Gather, from the listing beneath this task, every line holding the string "split".

> _RECORDS TO PROCESS_:
^^^^^^^^^^^^^^^^
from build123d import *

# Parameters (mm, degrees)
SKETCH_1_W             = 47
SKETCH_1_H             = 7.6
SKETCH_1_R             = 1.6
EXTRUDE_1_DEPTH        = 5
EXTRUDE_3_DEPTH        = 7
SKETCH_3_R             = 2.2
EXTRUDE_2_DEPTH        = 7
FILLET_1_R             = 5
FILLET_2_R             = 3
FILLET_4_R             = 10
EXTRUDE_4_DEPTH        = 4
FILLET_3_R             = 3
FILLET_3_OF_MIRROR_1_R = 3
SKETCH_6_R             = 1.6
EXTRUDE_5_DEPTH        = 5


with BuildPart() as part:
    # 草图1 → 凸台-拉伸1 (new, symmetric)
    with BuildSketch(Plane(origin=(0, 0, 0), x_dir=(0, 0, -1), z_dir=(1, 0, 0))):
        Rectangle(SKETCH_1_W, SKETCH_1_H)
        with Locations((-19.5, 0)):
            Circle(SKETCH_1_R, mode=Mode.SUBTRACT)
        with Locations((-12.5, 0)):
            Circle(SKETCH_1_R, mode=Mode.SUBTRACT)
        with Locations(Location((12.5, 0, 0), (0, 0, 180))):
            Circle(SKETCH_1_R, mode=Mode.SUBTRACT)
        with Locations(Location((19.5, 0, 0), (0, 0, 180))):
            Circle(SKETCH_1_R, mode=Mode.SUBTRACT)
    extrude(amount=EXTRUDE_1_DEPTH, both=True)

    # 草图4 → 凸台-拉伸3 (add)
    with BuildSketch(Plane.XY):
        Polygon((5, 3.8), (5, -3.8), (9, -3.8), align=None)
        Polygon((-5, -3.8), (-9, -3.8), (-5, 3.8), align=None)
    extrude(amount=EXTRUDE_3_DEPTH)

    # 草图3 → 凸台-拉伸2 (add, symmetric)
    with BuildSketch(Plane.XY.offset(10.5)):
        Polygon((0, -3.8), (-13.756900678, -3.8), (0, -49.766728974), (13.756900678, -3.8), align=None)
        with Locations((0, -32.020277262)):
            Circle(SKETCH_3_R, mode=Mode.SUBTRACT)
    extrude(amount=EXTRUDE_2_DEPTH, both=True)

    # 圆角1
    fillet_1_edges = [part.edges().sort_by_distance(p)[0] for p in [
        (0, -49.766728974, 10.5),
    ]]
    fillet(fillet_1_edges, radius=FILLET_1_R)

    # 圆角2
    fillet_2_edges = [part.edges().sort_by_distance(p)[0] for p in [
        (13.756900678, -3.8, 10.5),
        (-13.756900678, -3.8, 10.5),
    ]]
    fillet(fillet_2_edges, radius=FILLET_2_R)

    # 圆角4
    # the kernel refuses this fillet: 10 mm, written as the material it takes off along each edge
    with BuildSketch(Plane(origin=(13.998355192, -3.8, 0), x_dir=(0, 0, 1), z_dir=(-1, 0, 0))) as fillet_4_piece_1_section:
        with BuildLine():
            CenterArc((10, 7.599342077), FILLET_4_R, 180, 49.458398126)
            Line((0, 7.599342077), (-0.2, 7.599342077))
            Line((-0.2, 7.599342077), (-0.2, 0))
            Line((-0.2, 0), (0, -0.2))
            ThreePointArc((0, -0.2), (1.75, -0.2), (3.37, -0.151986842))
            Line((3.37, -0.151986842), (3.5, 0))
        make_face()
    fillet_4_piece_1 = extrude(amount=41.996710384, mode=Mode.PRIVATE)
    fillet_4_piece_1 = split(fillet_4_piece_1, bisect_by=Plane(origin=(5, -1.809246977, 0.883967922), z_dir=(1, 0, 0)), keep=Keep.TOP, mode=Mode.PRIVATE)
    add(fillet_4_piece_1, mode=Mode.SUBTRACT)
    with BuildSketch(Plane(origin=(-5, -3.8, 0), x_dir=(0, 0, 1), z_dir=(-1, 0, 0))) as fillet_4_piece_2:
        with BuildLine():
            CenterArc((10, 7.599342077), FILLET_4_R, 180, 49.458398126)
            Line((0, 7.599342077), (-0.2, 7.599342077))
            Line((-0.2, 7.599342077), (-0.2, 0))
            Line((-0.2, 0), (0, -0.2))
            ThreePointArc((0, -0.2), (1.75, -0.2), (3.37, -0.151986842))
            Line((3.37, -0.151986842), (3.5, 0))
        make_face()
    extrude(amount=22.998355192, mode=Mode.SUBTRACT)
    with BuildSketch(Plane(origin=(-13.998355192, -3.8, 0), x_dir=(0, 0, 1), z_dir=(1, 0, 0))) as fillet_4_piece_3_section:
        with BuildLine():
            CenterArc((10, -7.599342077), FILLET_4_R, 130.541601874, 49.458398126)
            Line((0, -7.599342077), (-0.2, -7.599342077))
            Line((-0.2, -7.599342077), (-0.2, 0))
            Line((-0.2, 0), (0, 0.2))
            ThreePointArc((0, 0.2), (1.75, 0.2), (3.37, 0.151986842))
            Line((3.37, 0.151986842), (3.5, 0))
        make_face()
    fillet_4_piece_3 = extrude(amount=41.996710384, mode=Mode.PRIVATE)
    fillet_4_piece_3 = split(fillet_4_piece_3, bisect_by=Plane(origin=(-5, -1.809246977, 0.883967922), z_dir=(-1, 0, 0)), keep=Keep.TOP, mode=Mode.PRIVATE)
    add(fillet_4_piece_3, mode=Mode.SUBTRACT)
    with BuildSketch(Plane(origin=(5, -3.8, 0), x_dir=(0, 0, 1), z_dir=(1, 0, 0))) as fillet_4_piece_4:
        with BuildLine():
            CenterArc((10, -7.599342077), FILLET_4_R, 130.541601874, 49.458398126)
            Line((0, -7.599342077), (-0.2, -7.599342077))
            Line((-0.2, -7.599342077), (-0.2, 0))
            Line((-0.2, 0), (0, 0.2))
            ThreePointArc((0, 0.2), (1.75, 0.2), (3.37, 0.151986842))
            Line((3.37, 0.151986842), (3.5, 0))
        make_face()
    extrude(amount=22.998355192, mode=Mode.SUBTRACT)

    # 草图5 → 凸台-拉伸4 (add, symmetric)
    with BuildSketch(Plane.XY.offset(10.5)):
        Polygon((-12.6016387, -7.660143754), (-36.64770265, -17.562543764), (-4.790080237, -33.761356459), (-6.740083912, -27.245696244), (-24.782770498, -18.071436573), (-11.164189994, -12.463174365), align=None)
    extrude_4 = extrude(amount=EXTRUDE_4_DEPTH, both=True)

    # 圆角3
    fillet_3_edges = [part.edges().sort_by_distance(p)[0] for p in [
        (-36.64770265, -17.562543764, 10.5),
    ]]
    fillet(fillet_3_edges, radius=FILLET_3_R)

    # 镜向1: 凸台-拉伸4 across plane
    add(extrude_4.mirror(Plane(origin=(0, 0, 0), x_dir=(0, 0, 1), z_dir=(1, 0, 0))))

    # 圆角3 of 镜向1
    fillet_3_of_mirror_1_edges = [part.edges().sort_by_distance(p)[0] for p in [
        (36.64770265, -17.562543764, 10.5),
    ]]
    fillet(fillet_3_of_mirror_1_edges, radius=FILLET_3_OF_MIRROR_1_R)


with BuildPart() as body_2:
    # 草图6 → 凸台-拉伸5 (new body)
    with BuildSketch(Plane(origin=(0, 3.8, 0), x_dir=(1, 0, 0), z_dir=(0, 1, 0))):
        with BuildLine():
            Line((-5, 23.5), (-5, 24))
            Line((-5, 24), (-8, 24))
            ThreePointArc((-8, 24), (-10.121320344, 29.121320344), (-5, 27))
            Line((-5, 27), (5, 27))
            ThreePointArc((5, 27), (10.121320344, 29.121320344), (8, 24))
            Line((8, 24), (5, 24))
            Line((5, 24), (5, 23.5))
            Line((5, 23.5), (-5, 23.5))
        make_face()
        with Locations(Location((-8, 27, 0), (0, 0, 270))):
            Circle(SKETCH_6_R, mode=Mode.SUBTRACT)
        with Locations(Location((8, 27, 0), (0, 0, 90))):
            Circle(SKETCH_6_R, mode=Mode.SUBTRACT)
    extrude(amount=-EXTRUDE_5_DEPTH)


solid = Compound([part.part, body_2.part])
^^^^^^^^^^^^^^^^
> _ANSWER SPACE_:
    fillet_4_piece_1 = split(fillet_4_piece_1, bisect_by=Plane(origin=(5, -1.809246977, 0.883967922), z_dir=(1, 0, 0)), keep=Keep.TOP, mode=Mode.PRIVATE)
    fillet_4_piece_3 = split(fillet_4_piece_3, bisect_by=Plane(origin=(-5, -1.809246977, 0.883967922), z_dir=(-1, 0, 0)), keep=Keep.TOP, mode=Mode.PRIVATE)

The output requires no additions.